50 / 50 Beta Updates und Stable Updates können Fehlerhaft sein. Bisher hatte ich einen Fehler (Redmi Note 9S)in der Stable wo das WLAN nicht ging (Das wurde mittlerweile gefixt).


----------



## royaldoom3 (23. August 2021)

Ah okay also keine unnötigen Spamapps die es bei Android bzw in dem Fall MIUI gibt.

Also empfehlt ihr aufjedenfall auf die Xioami.EU Firmware zu gehen, dann werde ich das mal so testen. Und die normalen Updates kann ich auch alle dann entspannt OTA installieren? Also einmalig am Anfang das Unlocken und Hauptflash der Xioami.EU Firmware über den PC und anschließend weitere Updates die dort dann kommen kann ich stressfrei ohne wieder das Gerät an PC anzuschließen updaten?

//Bei TradingShenzen steht beim normalen Mi11 noch, wo man die Global Firmware auswählen kann, dass dort "*Saftynet failed" ist. Was wohl Bankingapps unbrauchbar macht. Wird dann mit sicherheit auch bei der Ultra Firmware so sein. Wäre also dann auch keine Option, also bleibt dann ja nur noch die Xiaomi EU Firmware *


----------



## IsoldeMaduschen (23. August 2021)

royaldoom3 schrieb:


> Also empfehlt ihr aufjedenfall auf die Xioami.EU Firmware zu gehen, dann werde ich das mal so testen. Und die normalen Updates kann ich auch alle dann entspannt OTA installieren?


Ja


royaldoom3 schrieb:


> Also einmalig am Anfang das Unlocken und Hauptflash der Xioami.EU Firmware über den PC und anschließend weitere Updates die dort dann kommen kann ich stressfrei ohne wieder das Gerät an PC anzuschließen updaten?


Nur Unlock über PC
Siehe Beitrag 5


royaldoom3 schrieb:


> *also bleibt dann ja nur noch die Xiaomi EU Firmware *


Ja


----------



## royaldoom3 (4. September 2021)

Bin mal gespannt wann das Mi 11 Ultra ankommt, hatte am 26.08 bei TradingShenzhen bestellt, 2 tage später wurde es schon bearbeitet und versandt und seit gestern morgen ist die Sendeverfolgung bei "Arrived at AIRPORT of Destination" + hab eine DHL Sendenummer für die "letzte Meile" bekommen, die aber aktuell noch auf elektronisch Angekündigt steht

Also wenns nach 5 Tagen nach bearbeitung schon in DE, wahrscheinlich Frankfurter Flughafen hängt hoffe ich das der Zoll das fix bearbeitet oder durchwinkt.

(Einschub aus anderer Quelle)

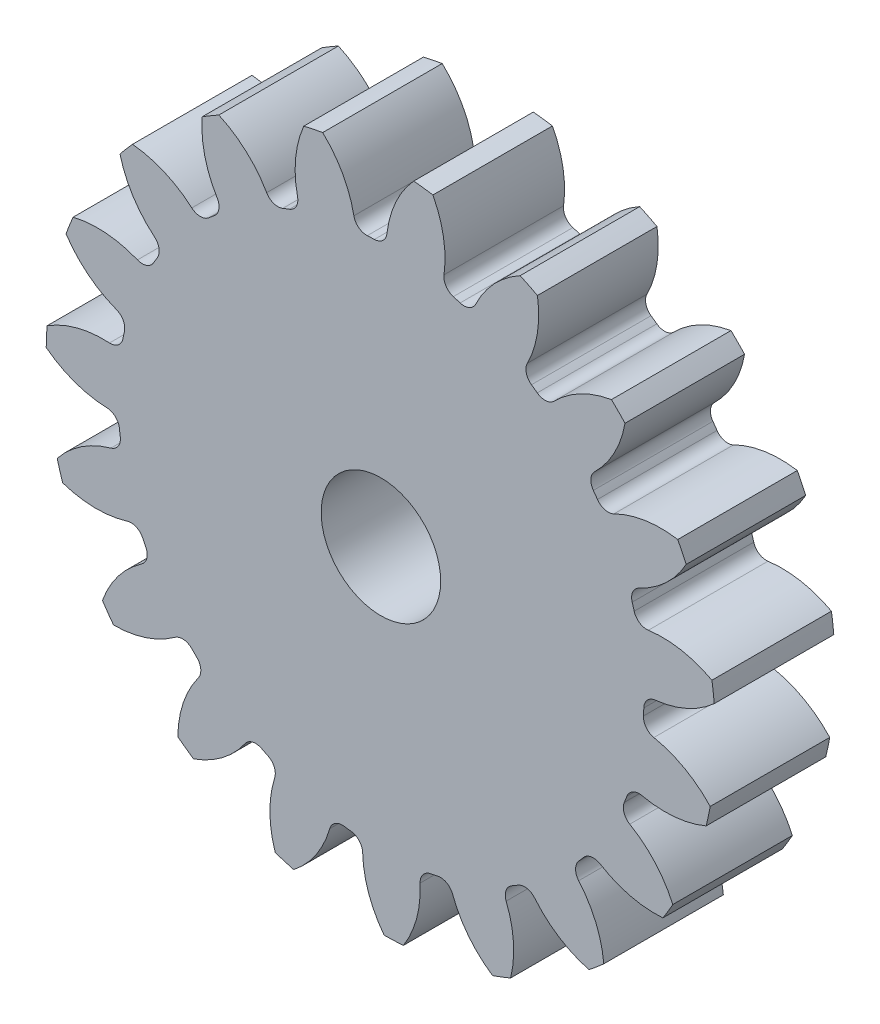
ISO-10303-21;
HEADER;
FILE_DESCRIPTION(('STEP AP214'),'2;1');
FILE_NAME('part.step','',(''),(''),'','','');
FILE_SCHEMA(('AUTOMOTIVE_DESIGN { 1 0 10303 214 1 1 1 1 }'));
ENDSEC;
DATA;
#1=APPLICATION_CONTEXT('core data for automotive mechanical design processes');
#2=APPLICATION_PROTOCOL_DEFINITION('international standard','automotive_design',2000,#1);
#3=PRODUCT_CONTEXT('',#1,'mechanical');
#4=PRODUCT('Part','Part','',(#3));
#5=PRODUCT_RELATED_PRODUCT_CATEGORY('part','',(#4));
#6=PRODUCT_DEFINITION_FORMATION('','',#4);
#7=PRODUCT_DEFINITION_CONTEXT('part definition',#1,'design');
#8=PRODUCT_DEFINITION('design','',#6,#7);
#9=PRODUCT_DEFINITION_SHAPE('','',#8);
#10=(LENGTH_UNIT() NAMED_UNIT(*) SI_UNIT(.MILLI.,.METRE.));
#11=(NAMED_UNIT(*) PLANE_ANGLE_UNIT() SI_UNIT($,.RADIAN.));
#12=(NAMED_UNIT(*) SI_UNIT($,.STERADIAN.) SOLID_ANGLE_UNIT());
#13=UNCERTAINTY_MEASURE_WITH_UNIT(LENGTH_MEASURE(1.E-05),#10,'distance_accuracy_value','');
#14=(GEOMETRIC_REPRESENTATION_CONTEXT(3) GLOBAL_UNCERTAINTY_ASSIGNED_CONTEXT((#13)) GLOBAL_UNIT_ASSIGNED_CONTEXT((#10,
#11,#12)) REPRESENTATION_CONTEXT('',''));
#15=CARTESIAN_POINT('',(0.,0.,0.));
#16=DIRECTION('',(0.,0.,1.));
#17=DIRECTION('',(1.,0.,0.));
#18=AXIS2_PLACEMENT_3D('',#15,#16,#17);
#19=CARTESIAN_POINT('',(0.,0.,127.));
#20=DIRECTION('',(0.,0.,-1.));
#21=DIRECTION('',(-1.,0.,0.));
#22=AXIS2_PLACEMENT_3D('',#19,#20,#21);
#23=CYLINDRICAL_SURFACE('',#22,355.6);
#24=DIRECTION('',(0.,0.,-1.));
#25=VECTOR('',#24,1.);
#26=CARTESIAN_POINT('',(351.615934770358,53.0810174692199,63.5));
#27=LINE('',#26,#25);
#28=CARTESIAN_POINT('',(351.615934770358,53.0810174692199,127.));
#29=VERTEX_POINT('',#28);
#30=CARTESIAN_POINT('',(351.615934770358,53.0810174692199,0.));
#31=VERTEX_POINT('',#30);
#32=EDGE_CURVE('E780',#29,#31,#27,.T.);
#33=ORIENTED_EDGE('',*,*,#32,.F.);
#34=CARTESIAN_POINT('',(0.,0.,127.));
#35=DIRECTION('',(0.,0.,1.));
#36=DIRECTION('',(1.,0.,0.));
#37=AXIS2_PLACEMENT_3D('',#34,#35,#36);
#38=CIRCLE('',#37,355.6);
#39=CARTESIAN_POINT('',(354.091323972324,32.721465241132,127.));
#40=VERTEX_POINT('',#39);
#41=EDGE_CURVE('E1463',#40,#29,#38,.T.);
#42=ORIENTED_EDGE('',*,*,#41,.F.);
#43=DIRECTION('',(0.,0.,-1.));
#44=VECTOR('',#43,1.);
#45=CARTESIAN_POINT('',(354.091323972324,32.721465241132,63.5));
#46=LINE('',#45,#44);
#47=CARTESIAN_POINT('',(354.091323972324,32.721465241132,0.));
#48=VERTEX_POINT('',#47);
#49=EDGE_CURVE('E1457',#48,#40,#46,.F.);
#50=ORIENTED_EDGE('',*,*,#49,.F.);
#51=CARTESIAN_POINT('',(0.,0.,0.));
#52=DIRECTION('',(0.,0.,1.));
#53=DIRECTION('',(1.,0.,0.));
#54=AXIS2_PLACEMENT_3D('',#51,#52,#53);
#55=CIRCLE('',#54,355.6);
#56=EDGE_CURVE('E1468',#48,#31,#55,.T.);
#57=ORIENTED_EDGE('',*,*,#56,.T.);
#58=EDGE_LOOP('',(#33,#42,#50,#57));
#59=FACE_BOUND('',#58,.T.);
#60=ADVANCED_FACE('F33',(#59),#23,.T.);
#61=DIRECTION('',(0.,0.,-1.));
#62=VECTOR('',#61,1.);
#63=CARTESIAN_POINT('',(324.281036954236,145.921790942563,63.5));
#64=LINE('',#63,#62);
#65=CARTESIAN_POINT('',(324.281036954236,145.921790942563,0.));
#66=VERTEX_POINT('',#65);
#67=CARTESIAN_POINT('',(324.281036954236,145.921790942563,127.));
#68=VERTEX_POINT('',#67);
#69=EDGE_CURVE('E751',#66,#68,#64,.F.);
#70=ORIENTED_EDGE('',*,*,#69,.F.);
#71=CARTESIAN_POINT('',(315.32903536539,164.374448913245,0.));
#72=VERTEX_POINT('',#71);
#73=EDGE_CURVE('E1471',#66,#72,#55,.T.);
#74=ORIENTED_EDGE('',*,*,#73,.T.);
#75=DIRECTION('',(0.,0.,-1.));
#76=VECTOR('',#75,1.);
#77=CARTESIAN_POINT('',(315.32903536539,164.374448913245,63.5));
#78=LINE('',#77,#76);
#79=CARTESIAN_POINT('',(315.32903536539,164.374448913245,127.));
#80=VERTEX_POINT('',#79);
#81=EDGE_CURVE('E813',#80,#72,#78,.T.);
#82=ORIENTED_EDGE('',*,*,#81,.F.);
#83=EDGE_CURVE('E1466',#68,#80,#38,.T.);
#84=ORIENTED_EDGE('',*,*,#83,.F.);
#85=EDGE_LOOP('',(#70,#74,#82,#84));
#86=FACE_BOUND('',#85,.T.);
#87=ADVANCED_FACE('F1686',(#86),#23,.T.);
#88=CARTESIAN_POINT('',(0.,0.,127.));
#89=DIRECTION('',(0.,0.,1.));
#90=DIRECTION('',(1.,0.,0.));
#91=AXIS2_PLACEMENT_3D('',#88,#89,#90);
#92=PLANE('',#91);
#93=CARTESIAN_POINT('',(0.,0.,127.000000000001));
#94=DIRECTION('',(0.,0.,1.));
#95=DIRECTION('',(1.,0.,0.));
#96=AXIS2_PLACEMENT_3D('',#93,#94,#95);
#97=CIRCLE('',#96,63.5);
#98=CARTESIAN_POINT('',(63.5,0.,127.000000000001));
#99=VERTEX_POINT('',#98);
#100=EDGE_CURVE('E768',#99,#99,#97,.T.);
#101=ORIENTED_EDGE('',*,*,#100,.F.);
#102=EDGE_LOOP('',(#101));
#103=FACE_BOUND('',#102,.T.);
#104=ORIENTED_EDGE('',*,*,#41,.T.);
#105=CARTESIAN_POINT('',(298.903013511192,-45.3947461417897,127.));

Soll ja keine Kosten auf mich zu kommen, da Global Priority Versand. So hab ich es zumindest gelesen das die die kosten für Einfuhr übernehmen


----------



## royaldoom3 (7. September 2021)

Hab das Mi 11 Ultra nun bei mir. Nun hab ich das Problem das das Unlock Tool das Gerät nicht erkennt. Bin wie folgt vorgegangen:

1. SIM Karte rein und Gerät angeschaltet
2. Auf die neuste Stock Firmware geupdated die verfügbar war
3. Mi Konto auf dem Gerät angemeldet (Email bzw Rufnummer sind dort hinterlegt)
4. Entwickleroption aktiviert
5. In Entwickleroptionen Mi Unlock das Konto und Gerät hinzugefügt (kam die meldung successfull)
6. Gerät ausgeschaltet, Leiseknopf und Power gedrückt halten bis Fastboot erscheint, anschließend USB Kabel mit PC verbunden

Das Unlocktool erkennt aber nichts, oder läuft nach diesem Schritt quasi die Wartezeit schon und das Tool erkennt das Mi Ultra erst sobald es abgelaufen ist ? Im Unlocktool bin  ich natürlich auch mit dem gleichen Mi-Konto angemeldet wie auf dem Phone selbst

//Ok habs gefixt bekommen, im Fastboot Mode hat Windows kein Treiber installiert, wurde im Gerätemanager "Android mit Fragezeichen" angezeigt. Hab nun ein seperaten Google Bootloader Interface Driver installiert bzw über Treiber suchen im Geräte Manger und zack wurde direkt das Mi 11 Ultra im Unlock Tool angezeigt. Belastende ist aber, muss jetz 168h warten  

Kann ich meine SIM Karte wenigstens wieder in mein iPhone packen und das Xiaomi mit WLAN weiterhin verbunden sein? Die SIM war ja nur gebraucht um quasi das Gerät mit meiner Nummer im MI Konto zu verifizieren, oder? Da ja der Unlock nun angestoßen wurde, sollte ich die SIM ja wieder wechseln können


----------



## royaldoom3 (9. September 2021)

Der Countdown scheint wohl auch weiter zu ticken, wenn keine SIM und das Gerät ausgeschaltet ist. Hatte gestern nach 24h nochmal angestöpselt, da hat er noch 144h angezeigt, also kommenden Dienstag Abend kann ich dann endlich Unlocken und EU ROM Flashen


----------



## joerg_1 (22. September 2021)

Hallo,
ich habe nun auch mein Mi11 Ultra und alles eingestellt: Mi account, developer, USB debugging, OEM debugging. Ich habe aber das Problem, dass es im Fastboot Modus von Windows nicht einmal als Android erkannt wird(kein Verbindungston). Somit kann ich den ADB Treiber nicht installieren. Wenn ich im normalen Modus die Treiber  installiere, in dem die Verbindung klappt, bringt das ja nix. Ich habe es auf 4 verschiedenen Rechnern probiert, auf einem auch im Windows-Testmodus. Verschiedene Installationsmethoden habe ich durch, aber mir fehlt anscheinend entweder ein Treiber in Windows, oder das Phone ist defekt. 
Ich habe keine Idee mehr. Please help!


----------



## joerg_1 (23. September 2021)

Unglaublich, das liegt am Kabel! Ich hatte schon mehrere gute Kabel angeschlossen, die auch die Schnelladung unterstützen.  Mit einem Billigkabel wurde das Phone auch bei Fastboot erkannt...


----------